### Exercise
Could you write out, exactly, every line from the top of the data through the line holding "angles : Inport"? Omit the pictures.
<<<<
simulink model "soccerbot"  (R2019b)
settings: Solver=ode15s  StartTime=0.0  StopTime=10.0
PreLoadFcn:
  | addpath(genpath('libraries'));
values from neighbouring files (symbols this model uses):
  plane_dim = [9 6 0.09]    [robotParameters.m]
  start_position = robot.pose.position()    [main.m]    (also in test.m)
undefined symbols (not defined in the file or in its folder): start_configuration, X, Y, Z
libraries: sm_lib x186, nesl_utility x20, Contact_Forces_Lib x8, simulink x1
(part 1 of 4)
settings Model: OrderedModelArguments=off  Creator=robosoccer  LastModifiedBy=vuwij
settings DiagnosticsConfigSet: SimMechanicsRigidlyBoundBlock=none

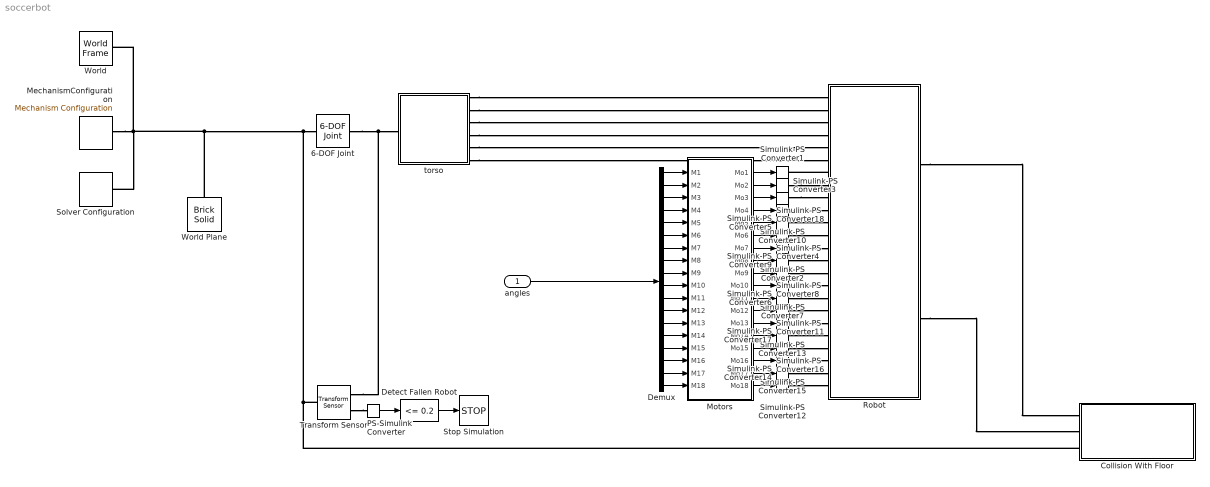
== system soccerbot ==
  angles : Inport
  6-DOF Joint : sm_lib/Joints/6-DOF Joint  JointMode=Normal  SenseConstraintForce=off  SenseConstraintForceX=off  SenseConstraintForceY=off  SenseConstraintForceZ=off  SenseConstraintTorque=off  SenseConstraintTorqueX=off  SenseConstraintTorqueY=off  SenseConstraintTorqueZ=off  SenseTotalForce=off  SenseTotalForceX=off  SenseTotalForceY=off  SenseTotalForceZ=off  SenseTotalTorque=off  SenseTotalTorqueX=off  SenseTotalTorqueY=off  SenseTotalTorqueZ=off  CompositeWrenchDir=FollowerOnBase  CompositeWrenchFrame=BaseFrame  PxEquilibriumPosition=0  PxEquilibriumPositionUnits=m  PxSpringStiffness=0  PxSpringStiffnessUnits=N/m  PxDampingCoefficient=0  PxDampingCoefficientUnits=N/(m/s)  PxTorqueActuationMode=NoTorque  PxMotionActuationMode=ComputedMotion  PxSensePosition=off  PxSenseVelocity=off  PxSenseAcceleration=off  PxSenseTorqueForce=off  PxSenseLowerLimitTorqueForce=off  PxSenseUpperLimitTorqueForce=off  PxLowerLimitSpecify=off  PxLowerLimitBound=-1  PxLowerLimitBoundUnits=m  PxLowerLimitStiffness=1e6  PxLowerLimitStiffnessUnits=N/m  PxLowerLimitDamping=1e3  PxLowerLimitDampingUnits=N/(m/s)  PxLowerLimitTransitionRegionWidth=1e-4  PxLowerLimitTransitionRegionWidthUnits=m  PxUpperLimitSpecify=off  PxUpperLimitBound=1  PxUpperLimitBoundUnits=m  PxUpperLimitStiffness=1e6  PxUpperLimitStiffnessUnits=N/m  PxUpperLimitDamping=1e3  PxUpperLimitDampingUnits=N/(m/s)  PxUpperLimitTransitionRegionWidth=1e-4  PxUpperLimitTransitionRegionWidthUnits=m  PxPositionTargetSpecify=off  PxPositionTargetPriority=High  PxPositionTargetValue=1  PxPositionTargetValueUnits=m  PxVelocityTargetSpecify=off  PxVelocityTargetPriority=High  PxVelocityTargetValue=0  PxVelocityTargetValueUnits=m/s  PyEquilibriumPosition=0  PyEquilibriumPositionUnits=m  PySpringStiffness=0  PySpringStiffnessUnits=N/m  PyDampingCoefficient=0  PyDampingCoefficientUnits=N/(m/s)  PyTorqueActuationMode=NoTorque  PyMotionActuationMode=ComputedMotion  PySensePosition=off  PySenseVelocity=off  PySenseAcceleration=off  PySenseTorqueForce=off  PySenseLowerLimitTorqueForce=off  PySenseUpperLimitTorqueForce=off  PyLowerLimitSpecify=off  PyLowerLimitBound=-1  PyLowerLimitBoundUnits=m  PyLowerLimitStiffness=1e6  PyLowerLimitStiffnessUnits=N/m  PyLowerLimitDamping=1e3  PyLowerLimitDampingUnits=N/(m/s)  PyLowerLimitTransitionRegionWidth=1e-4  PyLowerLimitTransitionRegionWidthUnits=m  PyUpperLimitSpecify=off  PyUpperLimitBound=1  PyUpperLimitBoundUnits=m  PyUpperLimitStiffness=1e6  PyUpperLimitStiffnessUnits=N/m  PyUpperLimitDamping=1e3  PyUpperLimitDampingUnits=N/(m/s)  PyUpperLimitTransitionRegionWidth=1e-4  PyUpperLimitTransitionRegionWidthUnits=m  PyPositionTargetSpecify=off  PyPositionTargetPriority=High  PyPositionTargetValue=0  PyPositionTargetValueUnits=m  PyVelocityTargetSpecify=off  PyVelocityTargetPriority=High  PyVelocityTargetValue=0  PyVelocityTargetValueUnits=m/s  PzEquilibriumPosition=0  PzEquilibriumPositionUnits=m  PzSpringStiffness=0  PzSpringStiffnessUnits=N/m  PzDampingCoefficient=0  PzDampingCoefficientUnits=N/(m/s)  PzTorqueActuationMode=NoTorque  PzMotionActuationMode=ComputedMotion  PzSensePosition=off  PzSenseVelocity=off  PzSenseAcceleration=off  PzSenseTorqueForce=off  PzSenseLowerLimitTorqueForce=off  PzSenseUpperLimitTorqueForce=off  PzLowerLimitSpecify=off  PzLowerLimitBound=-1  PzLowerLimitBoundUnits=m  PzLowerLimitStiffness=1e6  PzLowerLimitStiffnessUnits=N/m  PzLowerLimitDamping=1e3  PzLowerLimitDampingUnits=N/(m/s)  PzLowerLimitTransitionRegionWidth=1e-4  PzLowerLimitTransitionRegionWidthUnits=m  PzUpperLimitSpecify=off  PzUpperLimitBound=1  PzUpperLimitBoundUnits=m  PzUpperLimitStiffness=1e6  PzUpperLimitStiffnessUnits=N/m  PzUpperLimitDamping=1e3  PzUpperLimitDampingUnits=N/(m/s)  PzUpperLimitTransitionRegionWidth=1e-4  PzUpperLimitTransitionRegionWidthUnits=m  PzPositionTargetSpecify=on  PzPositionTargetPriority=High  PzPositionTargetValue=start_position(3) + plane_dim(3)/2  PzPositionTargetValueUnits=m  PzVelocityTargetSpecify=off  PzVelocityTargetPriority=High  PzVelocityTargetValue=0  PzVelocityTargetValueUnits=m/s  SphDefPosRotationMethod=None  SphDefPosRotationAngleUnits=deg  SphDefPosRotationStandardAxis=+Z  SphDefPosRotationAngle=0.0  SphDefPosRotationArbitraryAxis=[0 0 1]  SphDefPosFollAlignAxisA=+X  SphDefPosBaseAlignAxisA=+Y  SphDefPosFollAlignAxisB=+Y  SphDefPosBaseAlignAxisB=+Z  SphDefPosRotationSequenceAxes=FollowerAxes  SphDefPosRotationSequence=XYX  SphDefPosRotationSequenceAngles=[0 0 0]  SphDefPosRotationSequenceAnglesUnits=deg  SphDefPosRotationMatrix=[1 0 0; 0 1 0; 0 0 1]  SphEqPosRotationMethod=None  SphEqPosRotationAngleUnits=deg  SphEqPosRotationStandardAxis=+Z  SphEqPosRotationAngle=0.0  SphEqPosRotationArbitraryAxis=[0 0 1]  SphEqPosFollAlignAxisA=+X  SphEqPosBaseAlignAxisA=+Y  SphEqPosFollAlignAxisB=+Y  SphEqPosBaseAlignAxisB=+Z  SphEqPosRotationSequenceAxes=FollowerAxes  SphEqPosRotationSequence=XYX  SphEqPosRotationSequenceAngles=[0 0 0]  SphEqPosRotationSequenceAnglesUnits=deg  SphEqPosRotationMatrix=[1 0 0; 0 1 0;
>>>>
### Task result
simulink model "soccerbot"  (R2019b)
settings: Solver=ode15s  StartTime=0.0  StopTime=10.0
PreLoadFcn:
  | addpath(genpath('libraries'));
values from neighbouring files (symbols this model uses):
  plane_dim = [9 6 0.09]    [robotParameters.m]
  start_position = robot.pose.position()    [main.m]    (also in test.m)
undefined symbols (not defined in the file or in its folder): start_configuration, X, Y, Z
libraries: sm_lib x186, nesl_utility x20, Contact_Forces_Lib x8, simulink x1
(part 1 of 4)
settings Model: OrderedModelArguments=off  Creator=robosoccer  LastModifiedBy=vuwij
settings DiagnosticsConfigSet: SimMechanicsRigidlyBoundBlock=none

== system soccerbot ==
  angles : Inport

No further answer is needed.